▶ _Task requirements_: The records that follow must be reproduced in full, with every picture excluded.

Stored records
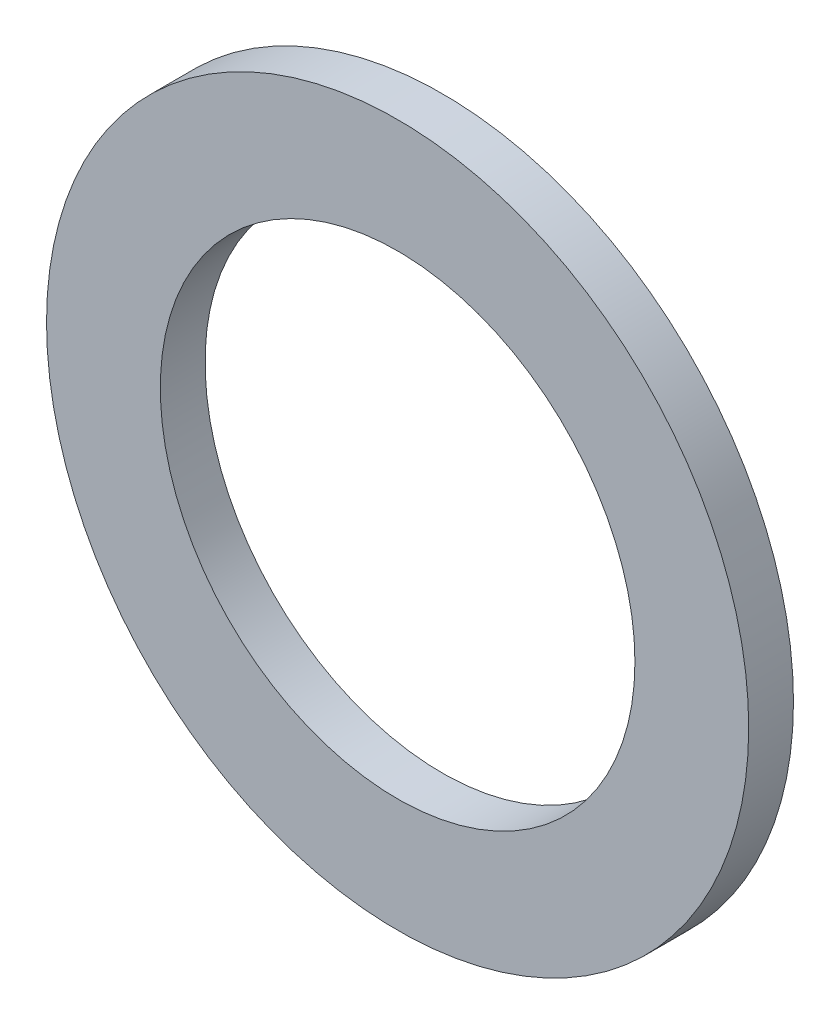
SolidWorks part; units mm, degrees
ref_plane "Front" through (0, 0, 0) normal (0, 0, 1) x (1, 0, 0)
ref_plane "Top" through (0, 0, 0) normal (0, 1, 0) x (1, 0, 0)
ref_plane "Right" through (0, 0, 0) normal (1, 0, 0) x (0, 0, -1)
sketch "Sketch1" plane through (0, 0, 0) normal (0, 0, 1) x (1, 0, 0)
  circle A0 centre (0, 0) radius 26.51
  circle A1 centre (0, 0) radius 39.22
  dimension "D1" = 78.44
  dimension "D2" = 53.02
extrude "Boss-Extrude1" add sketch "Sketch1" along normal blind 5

▶ _Answer box_:
SolidWorks part; units mm, degrees
ref_plane "Front" through (0, 0, 0) normal (0, 0, 1) x (1, 0, 0)
ref_plane "Top" through (0, 0, 0) normal (0, 1, 0) x (1, 0, 0)
ref_plane "Right" through (0, 0, 0) normal (1, 0, 0) x (0, 0, -1)
sketch "Sketch1" plane through (0, 0, 0) normal (0, 0, 1) x (1, 0, 0)
  circle A0 centre (0, 0) radius 26.51
  circle A1 centre (0, 0) radius 39.22
  dimension "D1" = 78.44
  dimension "D2" = 53.02
extrude "Boss-Extrude1" add sketch "Sketch1" along normal blind 5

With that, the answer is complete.